### WORK TASK
Your answer should be the lines below from the one holding "#51=DIRECTION('',(0.,1.,0.));" through the one holding "#73=ORIENTED_EDGE('',*,*,#72,.T.);", copied exactly and with nothing else.

### EXTRACTED DATA
--------------------------------

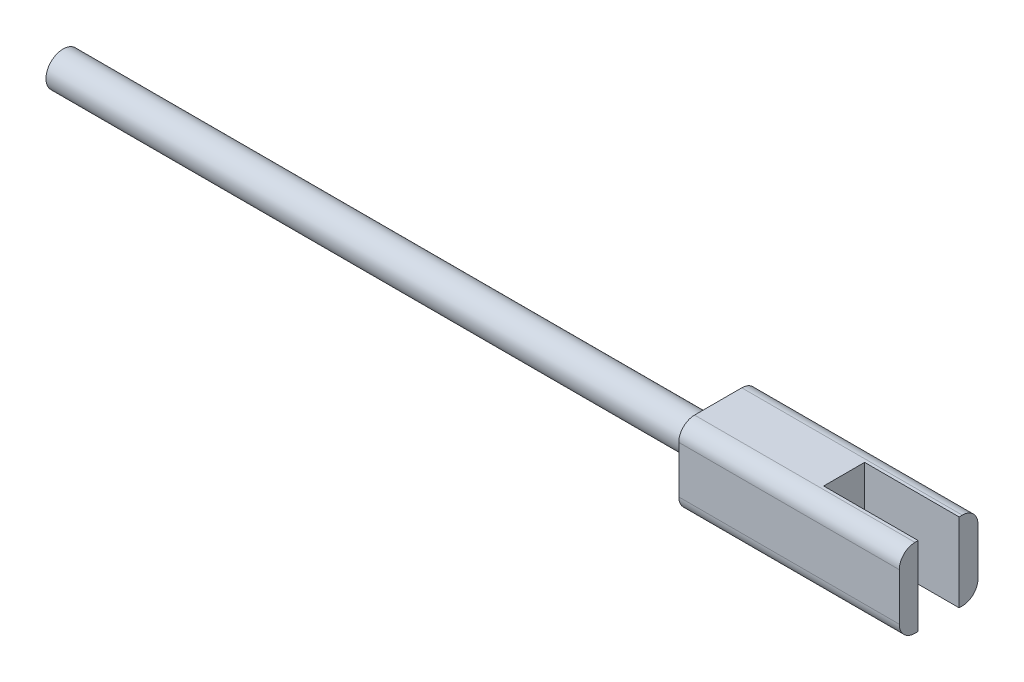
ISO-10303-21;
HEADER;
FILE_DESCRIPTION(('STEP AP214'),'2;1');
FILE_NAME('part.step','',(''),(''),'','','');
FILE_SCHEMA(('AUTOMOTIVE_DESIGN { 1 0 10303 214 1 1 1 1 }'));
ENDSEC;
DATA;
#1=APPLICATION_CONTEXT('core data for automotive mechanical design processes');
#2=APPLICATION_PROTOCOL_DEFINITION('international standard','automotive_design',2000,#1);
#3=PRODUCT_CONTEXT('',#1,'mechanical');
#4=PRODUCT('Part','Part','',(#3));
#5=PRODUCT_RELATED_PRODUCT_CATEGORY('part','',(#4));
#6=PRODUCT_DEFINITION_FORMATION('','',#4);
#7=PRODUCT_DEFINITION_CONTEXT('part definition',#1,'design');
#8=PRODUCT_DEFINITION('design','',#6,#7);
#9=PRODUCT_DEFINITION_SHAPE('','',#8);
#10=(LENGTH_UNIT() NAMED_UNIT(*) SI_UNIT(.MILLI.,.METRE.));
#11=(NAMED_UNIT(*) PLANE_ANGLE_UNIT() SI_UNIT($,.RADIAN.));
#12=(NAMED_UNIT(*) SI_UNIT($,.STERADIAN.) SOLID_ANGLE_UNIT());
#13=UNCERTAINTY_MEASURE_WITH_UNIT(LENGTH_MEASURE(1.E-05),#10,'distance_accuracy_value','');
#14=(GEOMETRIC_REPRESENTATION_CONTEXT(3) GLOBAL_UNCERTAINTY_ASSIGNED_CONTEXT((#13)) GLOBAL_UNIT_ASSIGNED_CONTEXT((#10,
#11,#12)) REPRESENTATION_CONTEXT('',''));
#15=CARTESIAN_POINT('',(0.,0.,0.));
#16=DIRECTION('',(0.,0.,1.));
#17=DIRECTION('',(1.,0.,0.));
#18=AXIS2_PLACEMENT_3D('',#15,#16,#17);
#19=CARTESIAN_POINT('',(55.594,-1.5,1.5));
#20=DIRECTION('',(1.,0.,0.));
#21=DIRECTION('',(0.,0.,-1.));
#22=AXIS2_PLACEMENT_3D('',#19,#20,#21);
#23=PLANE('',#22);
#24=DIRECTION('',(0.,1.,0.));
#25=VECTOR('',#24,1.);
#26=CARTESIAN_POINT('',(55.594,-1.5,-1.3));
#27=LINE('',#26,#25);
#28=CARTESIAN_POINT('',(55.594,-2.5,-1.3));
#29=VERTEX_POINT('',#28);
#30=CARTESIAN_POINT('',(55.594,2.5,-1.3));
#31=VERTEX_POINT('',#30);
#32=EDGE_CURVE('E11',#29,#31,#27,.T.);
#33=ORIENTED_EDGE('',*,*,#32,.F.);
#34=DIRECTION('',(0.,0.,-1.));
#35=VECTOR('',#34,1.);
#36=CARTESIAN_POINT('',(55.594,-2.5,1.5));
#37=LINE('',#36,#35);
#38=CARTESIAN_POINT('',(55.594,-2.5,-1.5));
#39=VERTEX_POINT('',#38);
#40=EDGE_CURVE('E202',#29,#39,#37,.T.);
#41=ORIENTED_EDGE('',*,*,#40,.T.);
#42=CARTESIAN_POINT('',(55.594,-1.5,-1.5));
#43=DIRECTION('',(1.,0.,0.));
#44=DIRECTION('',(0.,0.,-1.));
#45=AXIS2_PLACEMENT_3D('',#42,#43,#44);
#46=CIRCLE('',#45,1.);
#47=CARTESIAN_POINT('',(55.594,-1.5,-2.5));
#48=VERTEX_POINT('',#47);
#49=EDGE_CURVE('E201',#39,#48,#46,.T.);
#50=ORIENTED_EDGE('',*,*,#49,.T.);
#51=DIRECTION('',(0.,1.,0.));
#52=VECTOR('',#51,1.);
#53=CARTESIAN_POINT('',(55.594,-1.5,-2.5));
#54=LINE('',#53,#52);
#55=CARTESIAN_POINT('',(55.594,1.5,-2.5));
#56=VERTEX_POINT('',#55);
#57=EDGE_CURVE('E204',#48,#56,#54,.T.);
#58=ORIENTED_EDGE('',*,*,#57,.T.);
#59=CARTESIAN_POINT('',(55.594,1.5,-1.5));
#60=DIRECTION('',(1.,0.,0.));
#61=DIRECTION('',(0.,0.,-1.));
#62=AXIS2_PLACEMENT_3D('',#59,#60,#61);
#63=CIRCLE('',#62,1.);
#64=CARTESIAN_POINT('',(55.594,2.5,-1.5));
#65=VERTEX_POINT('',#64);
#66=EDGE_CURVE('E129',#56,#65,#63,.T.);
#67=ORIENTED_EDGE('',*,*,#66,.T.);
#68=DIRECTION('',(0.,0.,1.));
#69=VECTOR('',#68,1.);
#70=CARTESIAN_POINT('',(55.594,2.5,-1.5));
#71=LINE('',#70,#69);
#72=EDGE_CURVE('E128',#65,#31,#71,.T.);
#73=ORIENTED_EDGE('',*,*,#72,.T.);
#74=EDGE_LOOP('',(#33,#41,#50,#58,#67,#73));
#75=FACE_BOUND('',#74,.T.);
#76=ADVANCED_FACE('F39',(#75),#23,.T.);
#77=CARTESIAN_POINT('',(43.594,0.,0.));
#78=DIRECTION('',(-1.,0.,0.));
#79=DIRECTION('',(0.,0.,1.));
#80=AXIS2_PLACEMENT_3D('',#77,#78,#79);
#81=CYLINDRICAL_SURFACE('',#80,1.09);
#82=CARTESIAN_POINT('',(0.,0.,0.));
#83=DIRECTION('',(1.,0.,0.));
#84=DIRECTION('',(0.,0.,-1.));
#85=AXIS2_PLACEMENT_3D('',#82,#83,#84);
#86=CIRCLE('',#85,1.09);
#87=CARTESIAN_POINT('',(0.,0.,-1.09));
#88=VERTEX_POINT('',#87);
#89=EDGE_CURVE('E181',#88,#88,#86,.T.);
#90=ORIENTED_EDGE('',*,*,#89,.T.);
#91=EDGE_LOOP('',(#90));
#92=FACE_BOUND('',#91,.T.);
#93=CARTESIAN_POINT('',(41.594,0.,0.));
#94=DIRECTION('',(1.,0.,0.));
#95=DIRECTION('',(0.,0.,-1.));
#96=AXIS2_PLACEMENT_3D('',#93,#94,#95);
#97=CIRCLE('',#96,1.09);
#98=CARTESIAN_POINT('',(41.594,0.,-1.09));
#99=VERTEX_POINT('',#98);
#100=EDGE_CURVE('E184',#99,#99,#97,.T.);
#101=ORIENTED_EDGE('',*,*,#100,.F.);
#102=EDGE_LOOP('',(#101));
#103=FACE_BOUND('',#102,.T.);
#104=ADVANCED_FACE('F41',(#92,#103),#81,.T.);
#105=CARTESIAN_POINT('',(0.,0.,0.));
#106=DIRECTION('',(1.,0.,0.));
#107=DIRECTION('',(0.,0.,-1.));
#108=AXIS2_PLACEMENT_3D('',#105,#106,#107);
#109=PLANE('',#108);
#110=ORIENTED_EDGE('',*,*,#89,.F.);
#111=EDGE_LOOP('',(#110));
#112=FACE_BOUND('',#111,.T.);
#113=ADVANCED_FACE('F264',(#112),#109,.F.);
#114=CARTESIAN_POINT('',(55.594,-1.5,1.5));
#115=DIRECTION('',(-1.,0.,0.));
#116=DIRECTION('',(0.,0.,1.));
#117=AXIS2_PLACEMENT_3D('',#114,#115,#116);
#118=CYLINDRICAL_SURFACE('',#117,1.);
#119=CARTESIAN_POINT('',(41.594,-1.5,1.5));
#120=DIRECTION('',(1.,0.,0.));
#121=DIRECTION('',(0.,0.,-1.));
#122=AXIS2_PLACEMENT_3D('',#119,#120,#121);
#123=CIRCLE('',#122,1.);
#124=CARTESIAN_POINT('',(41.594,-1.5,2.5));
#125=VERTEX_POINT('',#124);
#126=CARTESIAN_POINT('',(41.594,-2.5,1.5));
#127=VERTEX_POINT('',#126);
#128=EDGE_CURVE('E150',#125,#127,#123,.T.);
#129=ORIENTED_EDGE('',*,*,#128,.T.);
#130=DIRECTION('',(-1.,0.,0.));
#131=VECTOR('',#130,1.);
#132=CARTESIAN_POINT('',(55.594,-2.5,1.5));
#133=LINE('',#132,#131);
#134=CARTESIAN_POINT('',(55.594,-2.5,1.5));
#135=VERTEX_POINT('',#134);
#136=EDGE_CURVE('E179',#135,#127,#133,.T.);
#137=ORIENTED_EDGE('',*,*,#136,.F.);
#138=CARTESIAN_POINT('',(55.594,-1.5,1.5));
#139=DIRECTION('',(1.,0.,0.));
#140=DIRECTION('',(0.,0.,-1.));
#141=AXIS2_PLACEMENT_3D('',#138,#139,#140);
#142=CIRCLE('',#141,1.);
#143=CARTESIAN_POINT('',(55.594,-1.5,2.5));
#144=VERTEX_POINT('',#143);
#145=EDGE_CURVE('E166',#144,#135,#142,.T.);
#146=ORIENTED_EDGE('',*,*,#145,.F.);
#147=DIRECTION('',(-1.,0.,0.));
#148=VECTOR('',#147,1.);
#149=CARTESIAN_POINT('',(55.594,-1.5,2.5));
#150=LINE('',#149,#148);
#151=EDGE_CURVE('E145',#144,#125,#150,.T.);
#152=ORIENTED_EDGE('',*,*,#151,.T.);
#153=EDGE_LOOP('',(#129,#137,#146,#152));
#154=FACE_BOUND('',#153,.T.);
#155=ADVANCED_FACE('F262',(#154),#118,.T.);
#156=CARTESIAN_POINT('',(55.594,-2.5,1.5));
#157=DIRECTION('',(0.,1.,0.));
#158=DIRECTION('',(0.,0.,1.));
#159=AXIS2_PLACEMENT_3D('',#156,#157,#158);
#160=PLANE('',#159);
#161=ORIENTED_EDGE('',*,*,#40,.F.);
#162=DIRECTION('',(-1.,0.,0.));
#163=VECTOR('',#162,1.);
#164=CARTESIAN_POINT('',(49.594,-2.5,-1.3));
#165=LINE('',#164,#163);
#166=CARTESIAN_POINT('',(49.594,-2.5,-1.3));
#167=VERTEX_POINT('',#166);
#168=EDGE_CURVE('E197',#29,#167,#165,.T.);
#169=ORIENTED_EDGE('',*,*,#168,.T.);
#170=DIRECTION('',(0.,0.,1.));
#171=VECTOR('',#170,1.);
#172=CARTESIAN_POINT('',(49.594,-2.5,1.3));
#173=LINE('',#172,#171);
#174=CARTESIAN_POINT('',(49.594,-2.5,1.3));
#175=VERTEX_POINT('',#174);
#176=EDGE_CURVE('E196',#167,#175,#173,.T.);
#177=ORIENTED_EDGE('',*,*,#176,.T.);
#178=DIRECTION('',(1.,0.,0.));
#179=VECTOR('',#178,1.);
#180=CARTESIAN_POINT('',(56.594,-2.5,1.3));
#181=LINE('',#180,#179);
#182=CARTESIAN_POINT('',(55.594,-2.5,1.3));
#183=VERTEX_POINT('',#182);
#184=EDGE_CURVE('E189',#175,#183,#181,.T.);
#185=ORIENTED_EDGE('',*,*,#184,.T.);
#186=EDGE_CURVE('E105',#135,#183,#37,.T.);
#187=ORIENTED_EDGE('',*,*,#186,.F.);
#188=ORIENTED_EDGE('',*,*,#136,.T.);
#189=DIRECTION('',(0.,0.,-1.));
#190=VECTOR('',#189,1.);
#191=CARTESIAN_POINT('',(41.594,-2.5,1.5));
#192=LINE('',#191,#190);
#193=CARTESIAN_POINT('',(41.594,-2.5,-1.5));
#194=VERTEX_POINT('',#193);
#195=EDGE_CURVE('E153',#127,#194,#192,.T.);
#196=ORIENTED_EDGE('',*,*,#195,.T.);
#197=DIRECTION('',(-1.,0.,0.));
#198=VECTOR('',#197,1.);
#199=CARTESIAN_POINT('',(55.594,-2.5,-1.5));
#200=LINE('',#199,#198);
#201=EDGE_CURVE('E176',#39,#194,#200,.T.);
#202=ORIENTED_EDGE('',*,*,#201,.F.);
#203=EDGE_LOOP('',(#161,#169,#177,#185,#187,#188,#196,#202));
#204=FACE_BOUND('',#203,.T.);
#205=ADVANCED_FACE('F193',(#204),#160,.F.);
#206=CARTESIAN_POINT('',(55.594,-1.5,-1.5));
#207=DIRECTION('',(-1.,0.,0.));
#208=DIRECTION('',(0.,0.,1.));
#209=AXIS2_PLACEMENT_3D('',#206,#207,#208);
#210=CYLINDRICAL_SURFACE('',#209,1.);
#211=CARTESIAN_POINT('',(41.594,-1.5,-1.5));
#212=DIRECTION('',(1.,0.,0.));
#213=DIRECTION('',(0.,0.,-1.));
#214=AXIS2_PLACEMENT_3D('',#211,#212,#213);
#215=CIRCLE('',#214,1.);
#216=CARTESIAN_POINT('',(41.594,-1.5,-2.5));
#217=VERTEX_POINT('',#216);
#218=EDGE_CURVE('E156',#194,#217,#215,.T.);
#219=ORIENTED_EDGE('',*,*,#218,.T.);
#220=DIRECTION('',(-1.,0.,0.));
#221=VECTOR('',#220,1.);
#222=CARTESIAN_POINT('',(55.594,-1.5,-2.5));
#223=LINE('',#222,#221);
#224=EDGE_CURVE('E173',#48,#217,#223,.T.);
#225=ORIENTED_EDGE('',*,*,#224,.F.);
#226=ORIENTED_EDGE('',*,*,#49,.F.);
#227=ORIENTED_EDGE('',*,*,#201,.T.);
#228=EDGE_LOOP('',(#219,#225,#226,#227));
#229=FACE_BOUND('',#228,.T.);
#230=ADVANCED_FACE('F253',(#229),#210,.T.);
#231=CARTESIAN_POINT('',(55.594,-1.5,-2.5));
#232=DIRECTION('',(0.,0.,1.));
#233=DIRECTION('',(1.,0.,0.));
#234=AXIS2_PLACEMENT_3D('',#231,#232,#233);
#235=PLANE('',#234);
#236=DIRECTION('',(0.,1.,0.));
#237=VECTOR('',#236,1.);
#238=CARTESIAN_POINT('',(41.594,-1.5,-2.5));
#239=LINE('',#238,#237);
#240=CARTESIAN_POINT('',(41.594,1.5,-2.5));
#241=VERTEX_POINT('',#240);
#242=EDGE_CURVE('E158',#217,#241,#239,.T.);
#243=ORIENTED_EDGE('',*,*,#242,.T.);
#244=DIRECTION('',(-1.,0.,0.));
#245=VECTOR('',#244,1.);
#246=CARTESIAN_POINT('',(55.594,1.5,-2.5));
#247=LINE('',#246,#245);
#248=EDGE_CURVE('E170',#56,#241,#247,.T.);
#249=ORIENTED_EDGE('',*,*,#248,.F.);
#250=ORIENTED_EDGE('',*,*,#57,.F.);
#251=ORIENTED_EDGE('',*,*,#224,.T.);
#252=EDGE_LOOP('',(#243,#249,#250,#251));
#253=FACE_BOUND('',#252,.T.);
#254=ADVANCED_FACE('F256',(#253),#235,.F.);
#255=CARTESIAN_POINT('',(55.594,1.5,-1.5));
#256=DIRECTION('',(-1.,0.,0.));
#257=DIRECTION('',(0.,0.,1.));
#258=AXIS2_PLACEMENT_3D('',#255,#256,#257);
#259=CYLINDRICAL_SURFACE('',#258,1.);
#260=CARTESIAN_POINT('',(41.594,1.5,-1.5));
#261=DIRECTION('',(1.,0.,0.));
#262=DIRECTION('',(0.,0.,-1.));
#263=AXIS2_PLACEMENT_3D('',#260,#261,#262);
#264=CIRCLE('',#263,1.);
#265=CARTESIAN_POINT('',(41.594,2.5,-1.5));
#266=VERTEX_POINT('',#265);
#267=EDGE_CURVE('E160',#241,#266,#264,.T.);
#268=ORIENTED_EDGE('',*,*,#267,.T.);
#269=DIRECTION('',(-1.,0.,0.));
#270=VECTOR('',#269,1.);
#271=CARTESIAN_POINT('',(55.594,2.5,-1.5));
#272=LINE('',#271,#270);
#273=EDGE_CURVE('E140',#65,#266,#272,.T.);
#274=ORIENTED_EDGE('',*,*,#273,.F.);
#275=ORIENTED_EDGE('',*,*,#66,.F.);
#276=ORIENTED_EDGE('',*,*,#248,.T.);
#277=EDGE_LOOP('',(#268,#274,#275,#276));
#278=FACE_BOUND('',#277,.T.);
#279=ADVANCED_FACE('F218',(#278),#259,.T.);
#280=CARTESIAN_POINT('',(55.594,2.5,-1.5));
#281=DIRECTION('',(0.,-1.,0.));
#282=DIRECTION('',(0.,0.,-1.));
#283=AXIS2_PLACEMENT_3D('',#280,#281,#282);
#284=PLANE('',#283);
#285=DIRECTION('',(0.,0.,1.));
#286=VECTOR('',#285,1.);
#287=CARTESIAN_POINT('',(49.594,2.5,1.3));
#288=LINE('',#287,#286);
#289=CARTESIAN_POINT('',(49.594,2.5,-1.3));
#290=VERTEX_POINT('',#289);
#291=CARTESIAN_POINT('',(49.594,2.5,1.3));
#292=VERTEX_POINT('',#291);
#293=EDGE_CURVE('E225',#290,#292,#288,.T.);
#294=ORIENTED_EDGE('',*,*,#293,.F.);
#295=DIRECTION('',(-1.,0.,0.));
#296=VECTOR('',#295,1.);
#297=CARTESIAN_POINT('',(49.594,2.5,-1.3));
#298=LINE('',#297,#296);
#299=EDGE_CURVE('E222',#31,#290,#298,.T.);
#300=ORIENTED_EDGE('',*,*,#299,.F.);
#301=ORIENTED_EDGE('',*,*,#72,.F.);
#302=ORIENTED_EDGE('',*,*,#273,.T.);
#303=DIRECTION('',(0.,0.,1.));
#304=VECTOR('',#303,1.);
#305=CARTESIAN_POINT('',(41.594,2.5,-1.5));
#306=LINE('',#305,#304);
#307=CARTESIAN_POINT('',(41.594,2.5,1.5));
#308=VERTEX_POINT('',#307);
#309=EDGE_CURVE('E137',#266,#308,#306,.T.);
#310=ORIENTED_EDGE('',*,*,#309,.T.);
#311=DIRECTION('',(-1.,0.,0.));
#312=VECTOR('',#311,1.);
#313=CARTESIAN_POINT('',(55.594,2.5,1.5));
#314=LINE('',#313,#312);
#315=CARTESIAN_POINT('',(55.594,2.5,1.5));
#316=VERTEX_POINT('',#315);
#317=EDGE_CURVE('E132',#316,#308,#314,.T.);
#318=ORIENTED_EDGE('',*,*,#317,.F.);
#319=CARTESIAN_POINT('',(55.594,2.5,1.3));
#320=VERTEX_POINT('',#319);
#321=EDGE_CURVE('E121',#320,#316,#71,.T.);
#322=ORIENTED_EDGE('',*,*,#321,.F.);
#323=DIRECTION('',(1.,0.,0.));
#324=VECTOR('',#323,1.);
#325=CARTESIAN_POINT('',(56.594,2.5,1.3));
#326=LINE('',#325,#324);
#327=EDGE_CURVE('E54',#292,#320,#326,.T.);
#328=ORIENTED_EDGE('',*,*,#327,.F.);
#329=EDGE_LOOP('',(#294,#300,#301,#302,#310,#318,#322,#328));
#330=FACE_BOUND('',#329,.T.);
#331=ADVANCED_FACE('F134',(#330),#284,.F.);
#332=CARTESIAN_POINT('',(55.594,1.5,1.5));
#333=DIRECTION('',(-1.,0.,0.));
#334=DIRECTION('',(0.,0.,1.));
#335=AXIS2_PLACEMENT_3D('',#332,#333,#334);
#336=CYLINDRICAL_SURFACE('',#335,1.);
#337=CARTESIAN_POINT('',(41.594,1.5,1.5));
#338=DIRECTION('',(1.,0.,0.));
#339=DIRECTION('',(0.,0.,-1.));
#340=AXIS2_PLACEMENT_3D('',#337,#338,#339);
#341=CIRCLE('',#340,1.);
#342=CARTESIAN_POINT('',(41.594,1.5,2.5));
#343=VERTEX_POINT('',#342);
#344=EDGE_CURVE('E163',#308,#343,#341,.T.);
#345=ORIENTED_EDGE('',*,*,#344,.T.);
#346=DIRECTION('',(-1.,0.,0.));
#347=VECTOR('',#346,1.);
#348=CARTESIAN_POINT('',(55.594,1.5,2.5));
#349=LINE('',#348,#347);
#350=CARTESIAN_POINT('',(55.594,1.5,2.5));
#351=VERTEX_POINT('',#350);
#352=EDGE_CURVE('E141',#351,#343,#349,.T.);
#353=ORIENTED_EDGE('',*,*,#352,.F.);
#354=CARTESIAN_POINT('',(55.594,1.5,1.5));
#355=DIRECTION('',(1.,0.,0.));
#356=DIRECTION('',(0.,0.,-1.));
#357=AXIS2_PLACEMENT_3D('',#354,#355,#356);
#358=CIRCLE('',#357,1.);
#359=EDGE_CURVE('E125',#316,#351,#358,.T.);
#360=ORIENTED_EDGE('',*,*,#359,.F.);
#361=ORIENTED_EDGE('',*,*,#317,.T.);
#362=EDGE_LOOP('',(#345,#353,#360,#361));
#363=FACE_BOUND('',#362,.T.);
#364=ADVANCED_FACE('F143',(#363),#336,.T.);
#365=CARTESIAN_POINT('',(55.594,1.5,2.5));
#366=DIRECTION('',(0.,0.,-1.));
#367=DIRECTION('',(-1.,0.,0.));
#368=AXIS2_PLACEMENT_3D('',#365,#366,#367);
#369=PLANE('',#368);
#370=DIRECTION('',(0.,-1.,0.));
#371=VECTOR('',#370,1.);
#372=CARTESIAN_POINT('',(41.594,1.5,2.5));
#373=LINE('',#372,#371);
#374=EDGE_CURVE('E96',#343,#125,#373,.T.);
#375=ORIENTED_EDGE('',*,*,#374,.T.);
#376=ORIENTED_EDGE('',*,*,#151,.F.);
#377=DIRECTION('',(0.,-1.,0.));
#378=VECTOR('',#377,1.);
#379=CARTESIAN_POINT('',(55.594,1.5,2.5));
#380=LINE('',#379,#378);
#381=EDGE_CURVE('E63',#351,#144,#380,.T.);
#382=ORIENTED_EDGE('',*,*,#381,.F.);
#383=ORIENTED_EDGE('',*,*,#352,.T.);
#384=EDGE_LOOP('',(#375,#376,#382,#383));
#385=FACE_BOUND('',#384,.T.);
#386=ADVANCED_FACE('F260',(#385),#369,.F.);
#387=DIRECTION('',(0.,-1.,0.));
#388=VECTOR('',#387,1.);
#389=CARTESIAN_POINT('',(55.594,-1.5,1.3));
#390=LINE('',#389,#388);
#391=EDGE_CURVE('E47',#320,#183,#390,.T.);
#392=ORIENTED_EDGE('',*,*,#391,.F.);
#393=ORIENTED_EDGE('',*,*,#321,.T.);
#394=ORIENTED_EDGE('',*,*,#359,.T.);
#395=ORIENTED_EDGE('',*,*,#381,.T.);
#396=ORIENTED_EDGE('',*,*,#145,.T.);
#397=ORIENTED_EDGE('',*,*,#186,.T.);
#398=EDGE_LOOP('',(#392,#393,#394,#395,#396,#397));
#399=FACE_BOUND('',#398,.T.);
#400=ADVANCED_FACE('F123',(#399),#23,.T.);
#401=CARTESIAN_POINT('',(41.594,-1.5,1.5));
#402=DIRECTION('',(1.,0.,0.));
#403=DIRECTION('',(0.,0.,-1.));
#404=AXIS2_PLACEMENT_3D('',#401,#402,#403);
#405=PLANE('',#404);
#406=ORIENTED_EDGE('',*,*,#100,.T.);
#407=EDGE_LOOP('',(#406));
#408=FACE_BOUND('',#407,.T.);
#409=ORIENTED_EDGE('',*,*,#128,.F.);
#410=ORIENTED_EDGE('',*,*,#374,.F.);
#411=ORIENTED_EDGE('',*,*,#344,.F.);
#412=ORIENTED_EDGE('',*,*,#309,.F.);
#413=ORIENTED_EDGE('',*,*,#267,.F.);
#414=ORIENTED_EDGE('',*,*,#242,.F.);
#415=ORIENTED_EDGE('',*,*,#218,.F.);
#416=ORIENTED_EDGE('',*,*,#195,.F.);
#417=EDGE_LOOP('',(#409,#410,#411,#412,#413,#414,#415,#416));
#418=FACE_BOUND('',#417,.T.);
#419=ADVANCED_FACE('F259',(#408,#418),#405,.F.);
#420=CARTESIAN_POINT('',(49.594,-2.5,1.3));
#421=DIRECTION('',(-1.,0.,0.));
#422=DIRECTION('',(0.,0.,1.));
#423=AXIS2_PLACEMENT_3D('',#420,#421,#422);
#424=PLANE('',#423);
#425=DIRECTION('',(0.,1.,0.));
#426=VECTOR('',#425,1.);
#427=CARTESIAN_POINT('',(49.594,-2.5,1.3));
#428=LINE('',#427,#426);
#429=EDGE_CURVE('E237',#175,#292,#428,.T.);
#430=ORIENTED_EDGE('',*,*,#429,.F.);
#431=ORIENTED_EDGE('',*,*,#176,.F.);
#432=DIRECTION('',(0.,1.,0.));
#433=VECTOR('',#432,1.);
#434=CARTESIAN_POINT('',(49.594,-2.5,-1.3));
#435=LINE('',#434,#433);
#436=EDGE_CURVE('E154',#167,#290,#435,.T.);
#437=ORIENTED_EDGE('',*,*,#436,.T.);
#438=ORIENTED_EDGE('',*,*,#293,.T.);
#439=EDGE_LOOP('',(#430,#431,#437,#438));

--------------------------------

### WORKED SOLUTION
#51=DIRECTION('',(0.,1.,0.));
#52=VECTOR('',#51,1.);
#53=CARTESIAN_POINT('',(55.594,-1.5,-2.5));
#54=LINE('',#53,#52);
#55=CARTESIAN_POINT('',(55.594,1.5,-2.5));
#56=VERTEX_POINT('',#55);
#57=EDGE_CURVE('E204',#48,#56,#54,.T.);
#58=ORIENTED_EDGE('',*,*,#57,.T.);
#59=CARTESIAN_POINT('',(55.594,1.5,-1.5));
#60=DIRECTION('',(1.,0.,0.));
#61=DIRECTION('',(0.,0.,-1.));
#62=AXIS2_PLACEMENT_3D('',#59,#60,#61);
#63=CIRCLE('',#62,1.);
#64=CARTESIAN_POINT('',(55.594,2.5,-1.5));
#65=VERTEX_POINT('',#64);
#66=EDGE_CURVE('E129',#56,#65,#63,.T.);
#67=ORIENTED_EDGE('',*,*,#66,.T.);
#68=DIRECTION('',(0.,0.,1.));
#69=VECTOR('',#68,1.);
#70=CARTESIAN_POINT('',(55.594,2.5,-1.5));
#71=LINE('',#70,#69);
#72=EDGE_CURVE('E128',#65,#31,#71,.T.);
#73=ORIENTED_EDGE('',*,*,#72,.T.);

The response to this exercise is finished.